_The task_. Every line from the first one in the listing down to the line with "line L14 (0, 0)" should be restated word for word.

****************

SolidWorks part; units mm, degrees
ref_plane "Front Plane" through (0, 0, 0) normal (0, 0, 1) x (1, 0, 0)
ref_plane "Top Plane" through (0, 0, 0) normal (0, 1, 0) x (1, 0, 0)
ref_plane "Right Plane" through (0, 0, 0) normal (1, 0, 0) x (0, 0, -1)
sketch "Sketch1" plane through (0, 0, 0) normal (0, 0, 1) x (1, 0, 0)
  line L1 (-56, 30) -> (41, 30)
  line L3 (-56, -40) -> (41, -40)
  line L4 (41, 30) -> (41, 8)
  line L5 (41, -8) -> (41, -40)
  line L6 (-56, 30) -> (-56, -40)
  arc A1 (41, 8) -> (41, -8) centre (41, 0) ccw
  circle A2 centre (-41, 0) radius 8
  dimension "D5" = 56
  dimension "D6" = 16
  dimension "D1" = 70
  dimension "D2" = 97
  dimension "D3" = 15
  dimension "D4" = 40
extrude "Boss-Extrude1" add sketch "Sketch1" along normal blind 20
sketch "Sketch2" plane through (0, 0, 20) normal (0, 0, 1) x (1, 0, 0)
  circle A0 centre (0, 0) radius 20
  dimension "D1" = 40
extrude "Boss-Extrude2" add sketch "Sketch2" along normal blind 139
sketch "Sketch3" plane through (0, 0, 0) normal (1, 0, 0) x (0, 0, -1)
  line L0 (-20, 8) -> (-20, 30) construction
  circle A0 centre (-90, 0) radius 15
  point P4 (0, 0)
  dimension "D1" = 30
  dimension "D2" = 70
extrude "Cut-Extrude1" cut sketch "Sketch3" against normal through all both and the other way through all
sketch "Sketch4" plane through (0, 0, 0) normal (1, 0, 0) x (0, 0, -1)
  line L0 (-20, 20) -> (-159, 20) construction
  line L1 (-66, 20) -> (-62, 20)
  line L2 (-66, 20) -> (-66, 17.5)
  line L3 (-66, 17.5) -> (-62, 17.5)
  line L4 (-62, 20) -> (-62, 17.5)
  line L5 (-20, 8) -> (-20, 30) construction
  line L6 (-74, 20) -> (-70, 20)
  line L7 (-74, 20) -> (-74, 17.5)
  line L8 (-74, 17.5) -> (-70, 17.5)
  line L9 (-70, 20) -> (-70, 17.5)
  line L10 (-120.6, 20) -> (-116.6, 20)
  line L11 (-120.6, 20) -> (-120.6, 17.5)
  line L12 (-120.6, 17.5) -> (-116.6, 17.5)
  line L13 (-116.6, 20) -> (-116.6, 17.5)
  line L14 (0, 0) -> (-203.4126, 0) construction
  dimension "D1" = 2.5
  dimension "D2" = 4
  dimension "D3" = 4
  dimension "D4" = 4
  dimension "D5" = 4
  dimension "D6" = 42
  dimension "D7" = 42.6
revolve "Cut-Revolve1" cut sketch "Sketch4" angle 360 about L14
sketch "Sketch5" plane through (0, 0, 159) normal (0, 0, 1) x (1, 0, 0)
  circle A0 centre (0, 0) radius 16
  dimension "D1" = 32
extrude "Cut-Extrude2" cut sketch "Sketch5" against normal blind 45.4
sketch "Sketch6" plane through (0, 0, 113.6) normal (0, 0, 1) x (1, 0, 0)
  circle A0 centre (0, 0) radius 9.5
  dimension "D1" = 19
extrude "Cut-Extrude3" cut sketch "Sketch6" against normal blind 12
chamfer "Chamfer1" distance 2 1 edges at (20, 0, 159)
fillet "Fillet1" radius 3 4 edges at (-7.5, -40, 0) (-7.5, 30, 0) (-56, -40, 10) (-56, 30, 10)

****************

_Written response_.
SolidWorks part; units mm, degrees
ref_plane "Front Plane" through (0, 0, 0) normal (0, 0, 1) x (1, 0, 0)
ref_plane "Top Plane" through (0, 0, 0) normal (0, 1, 0) x (1, 0, 0)
ref_plane "Right Plane" through (0, 0, 0) normal (1, 0, 0) x (0, 0, -1)
sketch "Sketch1" plane through (0, 0, 0) normal (0, 0, 1) x (1, 0, 0)
  line L1 (-56, 30) -> (41, 30)
  line L3 (-56, -40) -> (41, -40)
  line L4 (41, 30) -> (41, 8)
  line L5 (41, -8) -> (41, -40)
  line L6 (-56, 30) -> (-56, -40)
  arc A1 (41, 8) -> (41, -8) centre (41, 0) ccw
  circle A2 centre (-41, 0) radius 8
  dimension "D5" = 56
  dimension "D6" = 16
  dimension "D1" = 70
  dimension "D2" = 97
  dimension "D3" = 15
  dimension "D4" = 40
extrude "Boss-Extrude1" add sketch "Sketch1" along normal blind 20
sketch "Sketch2" plane through (0, 0, 20) normal (0, 0, 1) x (1, 0, 0)
  circle A0 centre (0, 0) radius 20
  dimension "D1" = 40
extrude "Boss-Extrude2" add sketch "Sketch2" along normal blind 139
sketch "Sketch3" plane through (0, 0, 0) normal (1, 0, 0) x (0, 0, -1)
  line L0 (-20, 8) -> (-20, 30) construction
  circle A0 centre (-90, 0) radius 15
  point P4 (0, 0)
  dimension "D1" = 30
  dimension "D2" = 70
extrude "Cut-Extrude1" cut sketch "Sketch3" against normal through all both and the other way through all
sketch "Sketch4" plane through (0, 0, 0) normal (1, 0, 0) x (0, 0, -1)
  line L0 (-20, 20) -> (-159, 20) construction
  line L1 (-66, 20) -> (-62, 20)
  line L2 (-66, 20) -> (-66, 17.5)
  line L3 (-66, 17.5) -> (-62, 17.5)
  line L4 (-62, 20) -> (-62, 17.5)
  line L5 (-20, 8) -> (-20, 30) construction
  line L6 (-74, 20) -> (-70, 20)
  line L7 (-74, 20) -> (-74, 17.5)
  line L8 (-74, 17.5) -> (-70, 17.5)
  line L9 (-70, 20) -> (-70, 17.5)
  line L10 (-120.6, 20) -> (-116.6, 20)
  line L11 (-120.6, 20) -> (-120.6, 17.5)
  line L12 (-120.6, 17.5) -> (-116.6, 17.5)
  line L13 (-116.6, 20) -> (-116.6, 17.5)
  line L14 (0, 0) -> (-203.4126, 0) construction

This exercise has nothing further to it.